- _Task description_
Below are records; work out how many of their lines contain "yscale" and give only that number.

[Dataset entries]
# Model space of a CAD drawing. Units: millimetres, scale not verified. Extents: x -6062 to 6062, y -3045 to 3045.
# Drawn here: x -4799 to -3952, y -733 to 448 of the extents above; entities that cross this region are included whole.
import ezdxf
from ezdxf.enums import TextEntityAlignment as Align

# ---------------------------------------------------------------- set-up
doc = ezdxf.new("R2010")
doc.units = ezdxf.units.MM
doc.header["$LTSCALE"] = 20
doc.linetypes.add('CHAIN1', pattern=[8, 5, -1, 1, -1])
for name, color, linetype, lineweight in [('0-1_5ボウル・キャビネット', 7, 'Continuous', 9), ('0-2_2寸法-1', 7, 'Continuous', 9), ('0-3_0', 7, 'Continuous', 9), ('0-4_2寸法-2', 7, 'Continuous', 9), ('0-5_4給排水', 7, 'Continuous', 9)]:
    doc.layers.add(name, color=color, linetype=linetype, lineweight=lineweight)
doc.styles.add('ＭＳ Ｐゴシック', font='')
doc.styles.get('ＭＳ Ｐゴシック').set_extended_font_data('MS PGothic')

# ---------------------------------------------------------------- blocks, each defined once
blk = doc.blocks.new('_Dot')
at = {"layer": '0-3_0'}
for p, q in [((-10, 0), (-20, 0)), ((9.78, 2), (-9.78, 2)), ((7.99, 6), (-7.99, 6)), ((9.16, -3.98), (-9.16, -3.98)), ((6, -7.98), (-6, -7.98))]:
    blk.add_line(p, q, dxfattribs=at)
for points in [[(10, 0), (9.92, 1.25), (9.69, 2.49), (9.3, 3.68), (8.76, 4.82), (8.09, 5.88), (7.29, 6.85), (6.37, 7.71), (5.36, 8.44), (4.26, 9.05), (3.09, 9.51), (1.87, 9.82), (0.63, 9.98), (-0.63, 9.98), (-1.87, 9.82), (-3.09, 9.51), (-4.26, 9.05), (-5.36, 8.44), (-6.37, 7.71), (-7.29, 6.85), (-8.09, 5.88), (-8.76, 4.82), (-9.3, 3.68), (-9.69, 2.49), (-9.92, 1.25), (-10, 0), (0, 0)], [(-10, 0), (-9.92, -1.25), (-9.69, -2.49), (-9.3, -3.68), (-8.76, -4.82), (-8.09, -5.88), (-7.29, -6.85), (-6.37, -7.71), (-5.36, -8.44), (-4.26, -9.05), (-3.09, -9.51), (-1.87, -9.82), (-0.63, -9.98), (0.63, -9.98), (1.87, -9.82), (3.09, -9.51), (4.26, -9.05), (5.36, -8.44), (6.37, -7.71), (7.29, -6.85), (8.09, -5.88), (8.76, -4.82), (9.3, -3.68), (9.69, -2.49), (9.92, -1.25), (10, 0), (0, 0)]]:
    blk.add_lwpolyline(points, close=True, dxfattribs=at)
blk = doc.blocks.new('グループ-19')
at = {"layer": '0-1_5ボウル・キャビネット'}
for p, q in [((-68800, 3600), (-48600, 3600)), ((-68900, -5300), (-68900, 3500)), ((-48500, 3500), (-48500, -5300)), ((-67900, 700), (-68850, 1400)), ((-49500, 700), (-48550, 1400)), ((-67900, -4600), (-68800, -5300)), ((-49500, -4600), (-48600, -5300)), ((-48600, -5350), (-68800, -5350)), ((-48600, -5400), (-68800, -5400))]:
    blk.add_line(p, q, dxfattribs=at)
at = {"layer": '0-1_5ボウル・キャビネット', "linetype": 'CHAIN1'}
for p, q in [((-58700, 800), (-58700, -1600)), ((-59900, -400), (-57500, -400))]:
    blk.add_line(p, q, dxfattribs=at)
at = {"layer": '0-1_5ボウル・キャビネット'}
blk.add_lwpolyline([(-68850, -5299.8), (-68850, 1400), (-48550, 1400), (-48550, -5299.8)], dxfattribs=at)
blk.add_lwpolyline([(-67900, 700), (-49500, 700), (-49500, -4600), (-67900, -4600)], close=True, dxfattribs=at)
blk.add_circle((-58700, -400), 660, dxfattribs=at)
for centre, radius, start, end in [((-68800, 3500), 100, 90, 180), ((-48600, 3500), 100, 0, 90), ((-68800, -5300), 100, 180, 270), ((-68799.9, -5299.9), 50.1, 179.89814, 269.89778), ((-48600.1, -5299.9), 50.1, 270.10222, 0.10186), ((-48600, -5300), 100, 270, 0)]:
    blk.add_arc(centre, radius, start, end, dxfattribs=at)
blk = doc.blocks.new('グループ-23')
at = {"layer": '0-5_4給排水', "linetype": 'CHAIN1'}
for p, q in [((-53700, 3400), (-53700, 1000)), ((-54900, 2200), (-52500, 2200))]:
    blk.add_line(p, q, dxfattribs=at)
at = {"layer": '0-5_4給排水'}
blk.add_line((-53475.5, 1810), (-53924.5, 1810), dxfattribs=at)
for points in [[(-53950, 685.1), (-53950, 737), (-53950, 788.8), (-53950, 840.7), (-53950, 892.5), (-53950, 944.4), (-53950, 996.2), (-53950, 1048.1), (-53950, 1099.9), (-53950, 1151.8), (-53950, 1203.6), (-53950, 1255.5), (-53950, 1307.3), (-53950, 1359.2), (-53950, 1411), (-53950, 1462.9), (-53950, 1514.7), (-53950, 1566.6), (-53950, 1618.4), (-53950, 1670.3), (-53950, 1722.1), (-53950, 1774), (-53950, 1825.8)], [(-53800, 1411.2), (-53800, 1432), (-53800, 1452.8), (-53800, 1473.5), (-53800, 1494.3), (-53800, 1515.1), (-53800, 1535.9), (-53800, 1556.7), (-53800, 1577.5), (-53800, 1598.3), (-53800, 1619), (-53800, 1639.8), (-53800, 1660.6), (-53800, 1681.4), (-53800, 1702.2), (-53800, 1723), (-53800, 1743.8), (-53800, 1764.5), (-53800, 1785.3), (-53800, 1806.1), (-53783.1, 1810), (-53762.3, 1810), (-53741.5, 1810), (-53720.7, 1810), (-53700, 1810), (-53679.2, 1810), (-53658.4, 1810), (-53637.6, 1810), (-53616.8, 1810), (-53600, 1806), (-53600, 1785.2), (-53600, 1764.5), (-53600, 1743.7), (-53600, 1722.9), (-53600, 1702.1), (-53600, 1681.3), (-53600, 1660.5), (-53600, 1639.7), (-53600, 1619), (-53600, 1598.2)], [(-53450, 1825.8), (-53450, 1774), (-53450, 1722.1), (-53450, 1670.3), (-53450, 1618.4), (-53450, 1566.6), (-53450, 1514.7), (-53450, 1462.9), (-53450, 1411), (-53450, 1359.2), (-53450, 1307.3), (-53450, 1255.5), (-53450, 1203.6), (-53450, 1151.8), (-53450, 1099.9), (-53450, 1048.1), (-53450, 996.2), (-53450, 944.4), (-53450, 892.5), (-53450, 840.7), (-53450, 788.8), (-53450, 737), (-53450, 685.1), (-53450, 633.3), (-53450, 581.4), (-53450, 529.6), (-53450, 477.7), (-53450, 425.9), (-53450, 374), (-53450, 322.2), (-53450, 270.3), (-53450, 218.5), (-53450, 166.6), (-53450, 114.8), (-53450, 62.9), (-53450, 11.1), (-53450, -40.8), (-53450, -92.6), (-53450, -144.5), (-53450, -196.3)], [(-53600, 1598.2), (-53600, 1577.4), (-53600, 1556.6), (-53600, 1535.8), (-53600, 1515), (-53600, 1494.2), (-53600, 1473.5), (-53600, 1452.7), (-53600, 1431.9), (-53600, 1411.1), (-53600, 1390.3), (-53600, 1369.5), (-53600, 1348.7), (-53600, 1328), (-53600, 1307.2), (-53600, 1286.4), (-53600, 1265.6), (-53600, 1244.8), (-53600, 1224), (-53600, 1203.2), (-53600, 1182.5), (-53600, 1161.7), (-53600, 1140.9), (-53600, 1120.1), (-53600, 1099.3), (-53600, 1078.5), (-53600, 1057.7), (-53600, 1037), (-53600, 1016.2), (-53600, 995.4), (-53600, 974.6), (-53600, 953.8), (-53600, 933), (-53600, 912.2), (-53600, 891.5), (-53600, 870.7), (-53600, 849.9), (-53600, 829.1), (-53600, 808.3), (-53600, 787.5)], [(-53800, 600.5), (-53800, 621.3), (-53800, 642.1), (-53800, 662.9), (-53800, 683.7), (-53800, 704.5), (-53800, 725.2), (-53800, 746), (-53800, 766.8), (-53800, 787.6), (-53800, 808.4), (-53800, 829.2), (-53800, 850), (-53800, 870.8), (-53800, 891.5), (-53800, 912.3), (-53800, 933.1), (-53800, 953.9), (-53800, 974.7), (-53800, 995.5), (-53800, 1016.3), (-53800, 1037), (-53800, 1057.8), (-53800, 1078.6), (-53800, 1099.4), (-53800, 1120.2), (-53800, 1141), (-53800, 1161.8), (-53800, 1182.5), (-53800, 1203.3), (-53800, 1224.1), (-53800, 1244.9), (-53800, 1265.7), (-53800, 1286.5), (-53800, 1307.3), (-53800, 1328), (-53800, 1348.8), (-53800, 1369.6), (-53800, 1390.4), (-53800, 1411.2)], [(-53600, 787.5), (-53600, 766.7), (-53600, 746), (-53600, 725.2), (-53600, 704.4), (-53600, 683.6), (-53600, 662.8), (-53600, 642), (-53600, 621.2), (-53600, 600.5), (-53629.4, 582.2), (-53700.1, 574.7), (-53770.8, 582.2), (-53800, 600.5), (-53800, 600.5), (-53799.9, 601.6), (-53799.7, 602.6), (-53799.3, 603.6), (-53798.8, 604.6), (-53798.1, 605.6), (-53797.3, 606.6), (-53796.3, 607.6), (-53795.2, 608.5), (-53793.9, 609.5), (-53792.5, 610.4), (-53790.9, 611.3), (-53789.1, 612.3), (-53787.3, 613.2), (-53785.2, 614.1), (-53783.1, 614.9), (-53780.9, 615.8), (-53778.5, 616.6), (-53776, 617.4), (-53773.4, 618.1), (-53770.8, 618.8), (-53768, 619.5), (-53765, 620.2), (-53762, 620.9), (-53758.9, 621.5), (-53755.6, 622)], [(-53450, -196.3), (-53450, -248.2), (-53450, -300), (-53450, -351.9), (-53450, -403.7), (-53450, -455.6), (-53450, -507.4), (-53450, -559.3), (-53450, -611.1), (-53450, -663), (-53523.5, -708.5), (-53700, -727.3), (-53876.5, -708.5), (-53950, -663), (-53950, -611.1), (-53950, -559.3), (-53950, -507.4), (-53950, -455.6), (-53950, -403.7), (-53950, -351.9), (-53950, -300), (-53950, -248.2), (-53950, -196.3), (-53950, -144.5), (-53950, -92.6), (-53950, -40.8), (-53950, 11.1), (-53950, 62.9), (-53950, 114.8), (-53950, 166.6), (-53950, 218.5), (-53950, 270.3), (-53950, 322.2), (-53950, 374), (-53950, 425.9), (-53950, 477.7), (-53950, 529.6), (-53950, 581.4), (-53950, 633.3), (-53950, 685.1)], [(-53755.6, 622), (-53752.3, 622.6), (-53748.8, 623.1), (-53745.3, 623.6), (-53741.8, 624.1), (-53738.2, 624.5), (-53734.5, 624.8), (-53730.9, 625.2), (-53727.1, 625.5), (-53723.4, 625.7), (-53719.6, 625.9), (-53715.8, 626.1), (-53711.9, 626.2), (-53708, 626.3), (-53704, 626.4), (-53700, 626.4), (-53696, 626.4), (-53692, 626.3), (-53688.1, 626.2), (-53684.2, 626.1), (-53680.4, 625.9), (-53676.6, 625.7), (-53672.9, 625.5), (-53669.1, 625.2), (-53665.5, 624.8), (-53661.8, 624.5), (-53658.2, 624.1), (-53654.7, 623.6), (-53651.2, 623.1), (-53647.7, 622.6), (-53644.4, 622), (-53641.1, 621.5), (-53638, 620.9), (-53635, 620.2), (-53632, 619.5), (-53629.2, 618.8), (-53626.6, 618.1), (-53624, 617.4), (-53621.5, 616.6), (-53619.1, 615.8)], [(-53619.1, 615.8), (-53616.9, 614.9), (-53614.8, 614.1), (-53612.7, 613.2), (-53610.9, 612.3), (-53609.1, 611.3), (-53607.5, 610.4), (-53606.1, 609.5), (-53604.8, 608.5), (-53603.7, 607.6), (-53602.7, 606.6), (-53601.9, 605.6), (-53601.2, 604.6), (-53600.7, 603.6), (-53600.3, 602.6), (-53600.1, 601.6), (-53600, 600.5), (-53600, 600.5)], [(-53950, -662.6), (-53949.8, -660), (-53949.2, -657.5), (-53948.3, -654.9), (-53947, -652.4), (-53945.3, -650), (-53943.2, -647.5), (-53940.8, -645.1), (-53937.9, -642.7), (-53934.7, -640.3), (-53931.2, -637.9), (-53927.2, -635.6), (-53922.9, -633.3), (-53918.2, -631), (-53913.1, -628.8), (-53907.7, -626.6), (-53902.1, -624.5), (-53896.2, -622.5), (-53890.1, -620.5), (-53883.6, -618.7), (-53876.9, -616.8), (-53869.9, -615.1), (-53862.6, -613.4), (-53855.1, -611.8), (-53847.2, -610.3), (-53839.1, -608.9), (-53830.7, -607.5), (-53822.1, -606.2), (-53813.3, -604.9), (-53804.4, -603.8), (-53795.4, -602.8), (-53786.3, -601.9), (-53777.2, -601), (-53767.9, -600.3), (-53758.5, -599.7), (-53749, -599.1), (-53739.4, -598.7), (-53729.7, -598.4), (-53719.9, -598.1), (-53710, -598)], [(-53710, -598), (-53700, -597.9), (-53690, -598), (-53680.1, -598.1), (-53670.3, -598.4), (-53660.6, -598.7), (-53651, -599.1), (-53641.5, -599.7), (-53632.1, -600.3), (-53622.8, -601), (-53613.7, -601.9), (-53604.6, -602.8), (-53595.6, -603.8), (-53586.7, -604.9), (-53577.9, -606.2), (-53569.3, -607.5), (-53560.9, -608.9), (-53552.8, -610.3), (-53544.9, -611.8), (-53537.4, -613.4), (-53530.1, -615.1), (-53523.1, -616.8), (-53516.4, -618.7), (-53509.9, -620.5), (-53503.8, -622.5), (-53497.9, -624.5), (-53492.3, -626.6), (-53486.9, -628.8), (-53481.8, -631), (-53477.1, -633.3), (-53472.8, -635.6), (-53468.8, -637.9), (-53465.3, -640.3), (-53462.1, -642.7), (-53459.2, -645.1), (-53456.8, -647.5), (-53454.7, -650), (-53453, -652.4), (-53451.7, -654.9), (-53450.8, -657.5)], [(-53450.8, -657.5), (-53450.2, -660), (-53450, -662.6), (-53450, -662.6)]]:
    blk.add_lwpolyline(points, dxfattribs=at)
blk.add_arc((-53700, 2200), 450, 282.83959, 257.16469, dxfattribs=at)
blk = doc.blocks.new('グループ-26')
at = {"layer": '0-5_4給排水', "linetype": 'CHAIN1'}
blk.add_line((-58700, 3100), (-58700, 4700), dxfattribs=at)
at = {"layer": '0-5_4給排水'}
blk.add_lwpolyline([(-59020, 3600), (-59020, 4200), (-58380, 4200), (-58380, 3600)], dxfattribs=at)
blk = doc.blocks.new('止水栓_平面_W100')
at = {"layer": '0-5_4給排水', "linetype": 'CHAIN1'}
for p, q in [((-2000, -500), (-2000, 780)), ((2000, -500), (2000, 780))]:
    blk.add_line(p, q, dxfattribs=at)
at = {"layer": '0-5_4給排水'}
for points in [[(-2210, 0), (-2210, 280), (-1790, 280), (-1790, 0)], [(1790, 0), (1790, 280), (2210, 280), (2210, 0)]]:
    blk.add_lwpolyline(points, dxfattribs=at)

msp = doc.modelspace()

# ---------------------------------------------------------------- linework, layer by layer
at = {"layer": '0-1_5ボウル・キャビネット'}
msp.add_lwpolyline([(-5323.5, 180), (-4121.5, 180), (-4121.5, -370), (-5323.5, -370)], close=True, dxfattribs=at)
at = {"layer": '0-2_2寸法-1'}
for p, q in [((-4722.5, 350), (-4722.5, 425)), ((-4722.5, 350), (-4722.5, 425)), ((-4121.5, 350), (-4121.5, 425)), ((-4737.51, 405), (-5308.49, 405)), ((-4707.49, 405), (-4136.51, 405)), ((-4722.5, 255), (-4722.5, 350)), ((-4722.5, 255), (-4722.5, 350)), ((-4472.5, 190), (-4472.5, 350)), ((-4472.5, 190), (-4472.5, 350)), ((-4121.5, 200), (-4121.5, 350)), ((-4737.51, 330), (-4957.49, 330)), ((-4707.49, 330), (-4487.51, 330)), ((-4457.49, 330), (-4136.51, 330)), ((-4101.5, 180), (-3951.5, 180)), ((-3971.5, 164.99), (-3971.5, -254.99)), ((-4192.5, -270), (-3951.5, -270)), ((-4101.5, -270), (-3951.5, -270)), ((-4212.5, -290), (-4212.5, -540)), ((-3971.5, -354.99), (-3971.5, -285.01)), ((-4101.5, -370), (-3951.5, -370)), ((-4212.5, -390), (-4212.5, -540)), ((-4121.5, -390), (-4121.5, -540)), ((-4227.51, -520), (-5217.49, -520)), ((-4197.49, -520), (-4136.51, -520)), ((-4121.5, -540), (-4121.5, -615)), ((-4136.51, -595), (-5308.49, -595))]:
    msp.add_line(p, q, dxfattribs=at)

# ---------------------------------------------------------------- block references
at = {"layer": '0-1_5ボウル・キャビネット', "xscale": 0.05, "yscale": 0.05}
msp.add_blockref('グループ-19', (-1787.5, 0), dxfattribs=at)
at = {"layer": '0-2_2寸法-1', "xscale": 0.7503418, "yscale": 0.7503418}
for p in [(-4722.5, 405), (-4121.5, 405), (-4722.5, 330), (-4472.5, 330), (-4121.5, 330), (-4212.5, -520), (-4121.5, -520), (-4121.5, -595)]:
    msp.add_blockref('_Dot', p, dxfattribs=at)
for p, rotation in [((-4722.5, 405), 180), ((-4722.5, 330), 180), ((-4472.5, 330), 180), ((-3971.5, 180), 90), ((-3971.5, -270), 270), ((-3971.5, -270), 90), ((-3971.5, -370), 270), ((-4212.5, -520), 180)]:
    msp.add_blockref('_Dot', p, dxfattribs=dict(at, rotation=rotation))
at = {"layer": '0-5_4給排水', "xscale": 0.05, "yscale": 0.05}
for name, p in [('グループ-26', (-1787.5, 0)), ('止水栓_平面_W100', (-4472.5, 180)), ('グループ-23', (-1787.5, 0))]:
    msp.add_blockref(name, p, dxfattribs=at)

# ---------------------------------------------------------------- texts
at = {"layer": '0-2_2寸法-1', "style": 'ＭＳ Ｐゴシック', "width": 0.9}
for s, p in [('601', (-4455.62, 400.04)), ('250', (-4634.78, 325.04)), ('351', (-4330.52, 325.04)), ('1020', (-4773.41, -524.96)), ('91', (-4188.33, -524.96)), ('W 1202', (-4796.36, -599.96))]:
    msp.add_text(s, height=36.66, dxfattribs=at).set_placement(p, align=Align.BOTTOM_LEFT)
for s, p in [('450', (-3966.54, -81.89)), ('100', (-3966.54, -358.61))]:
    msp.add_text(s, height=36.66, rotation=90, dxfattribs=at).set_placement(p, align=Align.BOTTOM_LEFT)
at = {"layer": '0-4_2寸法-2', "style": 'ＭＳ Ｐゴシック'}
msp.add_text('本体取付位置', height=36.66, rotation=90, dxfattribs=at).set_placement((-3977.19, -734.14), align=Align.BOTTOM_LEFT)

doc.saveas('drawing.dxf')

- _Result of this exercise_
3